Like the metaphors in our language, the metaphors used when our bodies think tend, initially at least, to look similar across a culture. At the moment the researchers are discovering that “everyone” puts the past on their left and the future on their right, for example. But anyone trained in NLP will be giggling by now – they know very well that some individuals have “timelines” that differ wildly from this norm.


(As an aside, check out this quote from the Scientific American Mind piece. “The idea that we process time as flowing from left to right with our ears as well as our eyes is ‘mind-blowing’ Gun Semin [psychology professor at University of Utrecht] says. ‘On the surface, there’s no reason for this to happen.'”)

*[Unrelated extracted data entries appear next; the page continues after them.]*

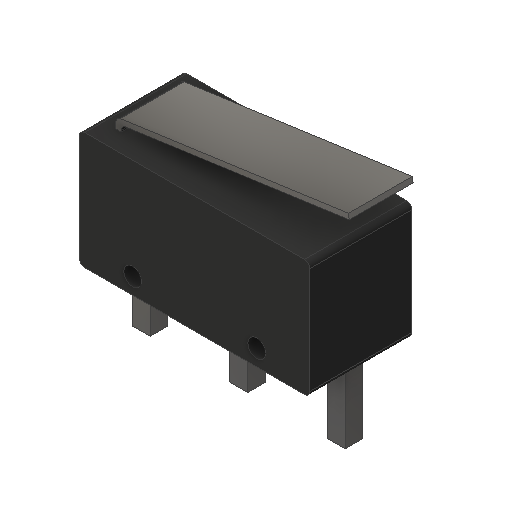
# Autodesk Inventor part: COTS_OMRON_D2FS-FL_Endstop
Saved by Autodesk Inventor 2025 (Build 290162010, 162A)
## iProperties
Created: 2018-07-21
Part Number: COTS_OMRON_D2FS-FL_Endstop
Material: Generic
Document SubType Name: Modeling
Designer: Andrzej
Density: 1 g/cm^3
Appearance: Rubber - Black
Author: Andrzej
Autodesk Inventor part; units mm, degrees
ref_plane "YZ Plane" through (0, 0, 0) normal (1, 0, 0) x (0, 1, 0)
ref_plane "XZ Plane" through (0, 0, 0) normal (0, 1, 0) x (-1, 0, 0)
ref_plane "XY Plane" through (0, 0, 0) normal (0, 0, 1) x (1, 0, 0)
sketch "Sketch1" plane through (0, 0, 0) normal (0, 0, 1) x (1, 0, 0)
  line L0 (-6.5078, 3.6754) -> (6.4922, 3.6754)
  line L1 (6.4922, 3.6754) -> (6.4922, -2.9246)
  line L2 (6.4922, -2.9246) -> (-6.5078, -2.9246)
  line L3 (-6.5078, -2.9246) -> (-6.5078, 3.6754)
  circle A0 centre (-3.5078, -2.0134) radius 0.5
  circle A1 centre (3.4922, -2.0134) radius 0.5
  point P0 (0, 0)
  dimension "d0" = 13
  dimension "d1" = 6.6
  dimension "d2" = 1
  dimension "d3" = 1
  dimension "d4" = 3
  dimension "d5" = 3
  constraints: 8 end point, 2 centre point, 2 parallel, 1 horizontal, 1 horizontal alignment, 1 perpendicular
  measures "d0" distance of L1.end L2.end
  measures "d1" distance of L0.end L1.end
  measures "d2" diameter of A0
  measures "d3" diameter of A1
  measures "d4" distance from line of L3 A0.centre
  measures "d5" distance from line of L1 A1.centre
extrude "Extrusion1" add sketch "Sketch1" along normal blind 5.75
ref_plane "Work Plane1" through (0, 0, 4.7) normal (0, 0, 1) x (1, 0, 0)
sketch "Sketch2" plane through (0, 0, 4.7) normal (0, 0, 1) x (1, 0, 0)
  circle A0 centre (3.4922, -2.0134) radius 0.5 projected
  circle A1 centre (-3.5078, -2.0134) radius 0.5 projected
  line L0 (6.4922, 3.6754) -> (6.4922, -2.9246) projected
  line L1 (6.4922, -2.9246) -> (-6.5078, -2.9246) projected
  line L2 (-6.5078, -2.9246) -> (-6.5078, 3.6754) projected
  line L3 (-6.5078, 3.6754) -> (6.4922, 3.6754) projected
  line L4 (-5.5078, 3.6754) -> (-5.5078, 4.2754)
  line L5 (-5.2078, 3.6754) -> (-5.2078, 4.0146)
  line L6 (-5.2078, 4.0146) -> (7.6657, 5.8238)
  line L7 (-5.2078, 4.0146) -> (7.7922, 4.0146) construction
  line L8 (-5.5078, 4.2754) -> (7.624, 6.1209)
  line L9 (7.624, 6.1209) -> (7.6657, 5.8238)
  point P0 (0, 0)
  dimension "d9" = 0.6
  dimension "d10" = 0.3
  dimension "d11" = 1
  dimension "d12" = 13
  dimension "d13" = 8
  dimension "d14" = 0.3
  constraints: 12 end point, 2 point on line, 2 vertical, 1 equal length, 1 horizontal, 1 perpendicular
  measures "d9" distance of L4.start L4.end
  measures "d10" distance between parallel lines of L5 L4
  measures "d11" distance between parallel lines of L2 L4
  measures "d12" distance of L5.end L6.end
  measures "d13" angle of L7 L6
  measures "d14" distance between parallel lines of L6 L8
extrude "Extrusion2" add sketch "Sketch2" against normal blind 3.6 contours L3 L4 L8 L9 L6 L5
sketch "Sketch3" plane through (-6.5078, -2.9246, 0) normal (0, -1, 0) x (1, 0, 0)
  line L0 (13, 0) -> (0, 0) projected
  line L1 (13, 0) -> (13, 5.75) projected
  line L2 (0, 5.75) -> (13, 5.75) projected
  line L3 (0, 0) -> (0, 5.75) projected
  line L4 (12.5, 2.2589) -> (11.5, 2.2589)
  line L5 (11.5, 2.2589) -> (11.5, 3.2589)
  line L6 (11.5, 3.2589) -> (12.5, 3.2589)
  line L7 (12.5, 3.2589) -> (12.5, 2.2589)
  line L8 (7, 2.2589) -> (6, 2.2589)
  line L9 (6, 2.2589) -> (6, 3.2589)
  line L10 (6, 3.2589) -> (7, 3.2589)
  line L11 (7, 3.2589) -> (7, 2.2589)
  line L12 (1.5, 2.2589) -> (0.5, 2.2589)
  line L13 (0.5, 2.2589) -> (0.5, 3.2589)
  line L14 (0.5, 3.2589) -> (1.5, 3.2589)
  line L15 (1.5, 3.2589) -> (1.5, 2.2589)
  point P0 (6.5078, 0)
  dimension "d17" = 1
  dimension "d18" = 1
  dimension "d19" = 0.5
  dimension "d22" = 5.5
  constraints: 24 end point, 2 horizontal, 2 parallel, 1 perpendicular, 16 other
  measures "d17" distance of L5.end L6.end
  measures "d18" distance of L4.end L5.end
  measures "d19" distance between parallel lines of L1 L7
  measures "d22" distance of L4.start L8.start
extrude "Extrusion3" add sketch "Sketch3" along normal blind 4 contours L4 L5 L6 L7 | L8 L9 L10 L11 | L12 L13 L14 L15
fillet "Fillet1" radius 0.3 4 edges at (6.4922, 3.6754, 2.875) (6.4922, -2.9246, 2.875) (-6.5078, 3.6754, 2.875) (-6.5078, -2.9246, 2.875)
fillet "Fillet2" radius 0.3 2 edges at (-5.5078, 4.2754, 2.9) (-5.2078, 4.0146, 2.9)
equation "\"d5\" = d4"
equation "\"d14\" = d10"
body "Solid1"

Facilitators and coaches trained in David Grove’s Clean Language and Clean Space know that there’s a lot more to this than timelines. In fact, once you get below the surface, the metaphors our bodies use when they think are as individual as our fingerprints.
The key is to know how to probe beneath that surface, to discover what’s really going on.
  • Many thanks to Alistair Donnell for drawing my attention to the Scientific American Mind article
  • Would a workshop on this material be of interest? If so, please click here
  • There’s a video clip on the topic, an extract from my new video, here
  • Please feel free to comment (or ask questions) below

    6 replies to "Grasping embodied cognition: how we use our bodies to think"

    • Elizabet Cairns

      Great post Judy,
      It seems that our wonderful world of Science is “catching up” in many areas at the moment and you’re right it’s such an exciting time.
      Thanks for getting the word out there in such a concise and accessible way.
      My warmest

    • […] This post was mentioned on Twitter by Judy Rees, X-Ray Listening. X-Ray Listening said: New blog post: how we use our bodies to think in metaphor http://ht.ly/3Uxy6 […]

    • Richie

      What do the metaphors mean to the body (subconscious)? Certainly there are different interpretations becasue we are all different.

      Putting our differences aside, it seems to me that there is a collective interpretation of symbols and metaphors that is common for all of us. Perhaps it’s something as simple as the concept that we move toward pleasure and away from pain.


    • Judy

      Thanks Elizabeth. And Richie, I think you’ve hit on an important point – there are indeed some metaphors that are common to all of us. And “us” can have a very broad definition here.
      After all, single-celled organisms move toward “pleasure” and away from “pain”.

    • Elaine

      Take this concept of embodied cognition one step further and we get to bio-cognitive psychology. How the state of our mind and emotions can cause very specific illnesses. Something that traditional medicine using the chakra system and meridian system have charted through the ages. Science is catching up! I like Caroline Myss’ phrase, ‘Our biography becomes our biology’. On the positive side, this is most probably one of the reasons why the placebo effect exists.